> What you need to do:
Copy out the whole listing exactly as written, leaving the pictures behind.

# # #

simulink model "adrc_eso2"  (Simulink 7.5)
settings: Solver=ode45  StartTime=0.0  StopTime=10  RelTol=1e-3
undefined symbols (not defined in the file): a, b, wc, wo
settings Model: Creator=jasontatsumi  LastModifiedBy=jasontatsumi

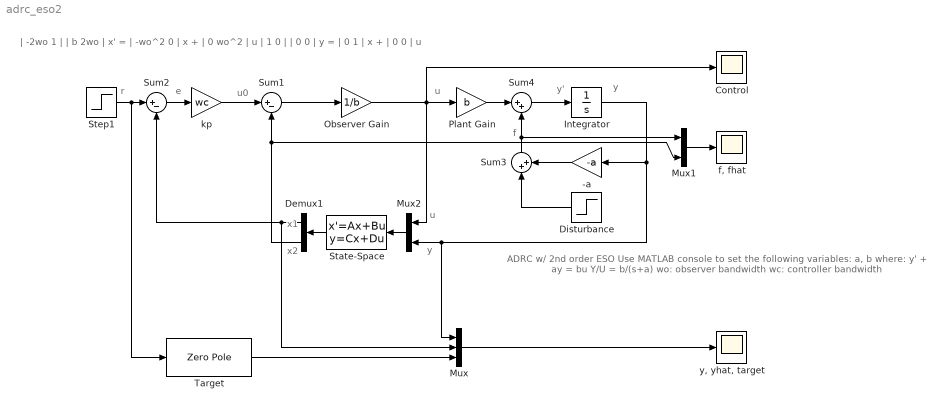
== system adrc_eso2 ==
  note: y
  note: y'
  note: f
  note: u
  note: u0
  note: y
  note: u
  note: x1
  note: x2
  note: ADRC w/ 2nd order ESO
      |
      | Use MATLAB console
      | to set the following
      | variables:
      |
      | a, b where:
      | y' + ay = bu
      | Y/U = b/(s+a)
      |
      | wo: observer bandwidth
      | wc: controller bandwidth
  note: | -2wo  1 |     | b 2wo  |
      | x' = | -wo^2 0 | x + | 0 wo^2 | u
      |
      |      | 1 0 |     | 0 0 |
      | y  = | 0 1 | x + | 0 0 | u
  note: e
  note: r
  -a : Gain  Gain=-a  ParameterDataType=fixdt(1, 16)  ParameterScaling=2^0  OutDataType=fixdt(1, 16)  OutScaling=2^0
  Control : Scope
      settings: TimeRange=10  YMin=0  YMax=1
  Demux1 : Demux  Outputs=2
  Disturbance : Step  Time=6  After=10  SampleTime=0
  Integrator : Integrator
  Mux : Mux  Inputs=3
  Mux1 : Mux  Inputs=2
  Mux2 : Mux  Inputs=2
  Observer Gain : Gain  Gain=1/b  ParameterDataType=fixdt(1, 16)  ParameterScaling=2^0  OutDataType=fixdt(1, 16)  OutScaling=2^0
  Plant Gain : Gain  Gain=b  ParameterDataType=fixdt(1, 16)  ParameterScaling=2^0  OutDataType=fixdt(1, 16)  OutScaling=2^0
  State-Space : StateSpace  A=[-2*wo 1;-wo^2 0]  B=[b 2*wo; 0 wo^2]  C=eye(2)  D=zeros(2,2)
  Step1 : Step  SampleTime=0
  Sum1 : Sum  Inputs=|+-  OutDataType=fixdt(1, 16)  OutScaling=2^0
  Sum2 : Sum  Inputs=|+-  OutDataType=fixdt(1, 16)  OutScaling=2^0
  Sum3 : Sum  Inputs=|++  OutDataType=fixdt(1, 16)  OutScaling=2^0
  Sum4 : Sum  Inputs=|++  OutDataType=fixdt(1, 16)  OutScaling=2^0
  Target : ZeroPole  Zeros=[]  Poles=[-wc]  Gain=[wc]
  "f, fhat" : Scope
      settings: TimeRange=10  YMin=0  YMax=1  SaveName=ScopeData2
  kp : Gain  Gain=wc  ParameterDataType=fixdt(1, 16)  ParameterScaling=2^0  OutDataType=fixdt(1, 16)  OutScaling=2^0
  "y, yhat, target" : Scope
      settings: TimeRange=10  YMin=0  YMax=1
  wires:
  Sum1/1 -> Observer Gain/1
  Mux2/1 -> State-Space/1
  State-Space/1 -> Demux1/1
  Integrator/1 -> -a/1, Mux2/2, Mux/1
  Sum2/1 -> kp/1
  Step1/1 -> Sum2/1, Target/1
  kp/1 -> Sum1/1
  Sum4/1 -> Integrator/1
  Observer Gain/1 -> Mux2/1, Plant Gain/1, Control/1
  Demux1/2 -> Sum1/2, Mux1/2
  Demux1/1 -> Sum2/2, Mux/2
  -a/1 -> Sum3/2
  Disturbance/1 -> Sum3/1
  Plant Gain/1 -> Sum4/1
  Sum3/1 -> Sum4/2, Mux1/1
  Mux/1 -> "y, yhat, target"/1
  Mux1/1 -> "f, fhat"/1
  Target/1 -> Mux/3

# # #

> Solution to the exercise:
simulink model "adrc_eso2"  (Simulink 7.5)
settings: Solver=ode45  StartTime=0.0  StopTime=10  RelTol=1e-3
undefined symbols (not defined in the file): a, b, wc, wo
settings Model: Creator=jasontatsumi  LastModifiedBy=jasontatsumi

== system adrc_eso2 ==
  note: y
  note: y'
  note: f
  note: u
  note: u0
  note: y
  note: u
  note: x1
  note: x2
  note: ADRC w/ 2nd order ESO
      |
      | Use MATLAB console
      | to set the following
      | variables:
      |
      | a, b where:
      | y' + ay = bu
      | Y/U = b/(s+a)
      |
      | wo: observer bandwidth
      | wc: controller bandwidth
  note: | -2wo  1 |     | b 2wo  |
      | x' = | -wo^2 0 | x + | 0 wo^2 | u
      |
      |      | 1 0 |     | 0 0 |
      | y  = | 0 1 | x + | 0 0 | u
  note: e
  note: r
  -a : Gain  Gain=-a  ParameterDataType=fixdt(1, 16)  ParameterScaling=2^0  OutDataType=fixdt(1, 16)  OutScaling=2^0
  Control : Scope
      settings: TimeRange=10  YMin=0  YMax=1
  Demux1 : Demux  Outputs=2
  Disturbance : Step  Time=6  After=10  SampleTime=0
  Integrator : Integrator
  Mux : Mux  Inputs=3
  Mux1 : Mux  Inputs=2
  Mux2 : Mux  Inputs=2
  Observer Gain : Gain  Gain=1/b  ParameterDataType=fixdt(1, 16)  ParameterScaling=2^0  OutDataType=fixdt(1, 16)  OutScaling=2^0
  Plant Gain : Gain  Gain=b  ParameterDataType=fixdt(1, 16)  ParameterScaling=2^0  OutDataType=fixdt(1, 16)  OutScaling=2^0
  State-Space : StateSpace  A=[-2*wo 1;-wo^2 0]  B=[b 2*wo; 0 wo^2]  C=eye(2)  D=zeros(2,2)
  Step1 : Step  SampleTime=0
  Sum1 : Sum  Inputs=|+-  OutDataType=fixdt(1, 16)  OutScaling=2^0
  Sum2 : Sum  Inputs=|+-  OutDataType=fixdt(1, 16)  OutScaling=2^0
  Sum3 : Sum  Inputs=|++  OutDataType=fixdt(1, 16)  OutScaling=2^0
  Sum4 : Sum  Inputs=|++  OutDataType=fixdt(1, 16)  OutScaling=2^0
  Target : ZeroPole  Zeros=[]  Poles=[-wc]  Gain=[wc]
  "f, fhat" : Scope
      settings: TimeRange=10  YMin=0  YMax=1  SaveName=ScopeData2
  kp : Gain  Gain=wc  ParameterDataType=fixdt(1, 16)  ParameterScaling=2^0  OutDataType=fixdt(1, 16)  OutScaling=2^0
  "y, yhat, target" : Scope
      settings: TimeRange=10  YMin=0  YMax=1
  wires:
  Sum1/1 -> Observer Gain/1
  Mux2/1 -> State-Space/1
  State-Space/1 -> Demux1/1
  Integrator/1 -> -a/1, Mux2/2, Mux/1
  Sum2/1 -> kp/1
  Step1/1 -> Sum2/1, Target/1
  kp/1 -> Sum1/1
  Sum4/1 -> Integrator/1
  Observer Gain/1 -> Mux2/1, Plant Gain/1, Control/1
  Demux1/2 -> Sum1/2, Mux1/2
  Demux1/1 -> Sum2/2, Mux/2
  -a/1 -> Sum3/2
  Disturbance/1 -> Sum3/1
  Plant Gain/1 -> Sum4/1
  Sum3/1 -> Sum4/2, Mux1/1
  Mux/1 -> "y, yhat, target"/1
  Mux1/1 -> "f, fhat"/1
  Target/1 -> Mux/3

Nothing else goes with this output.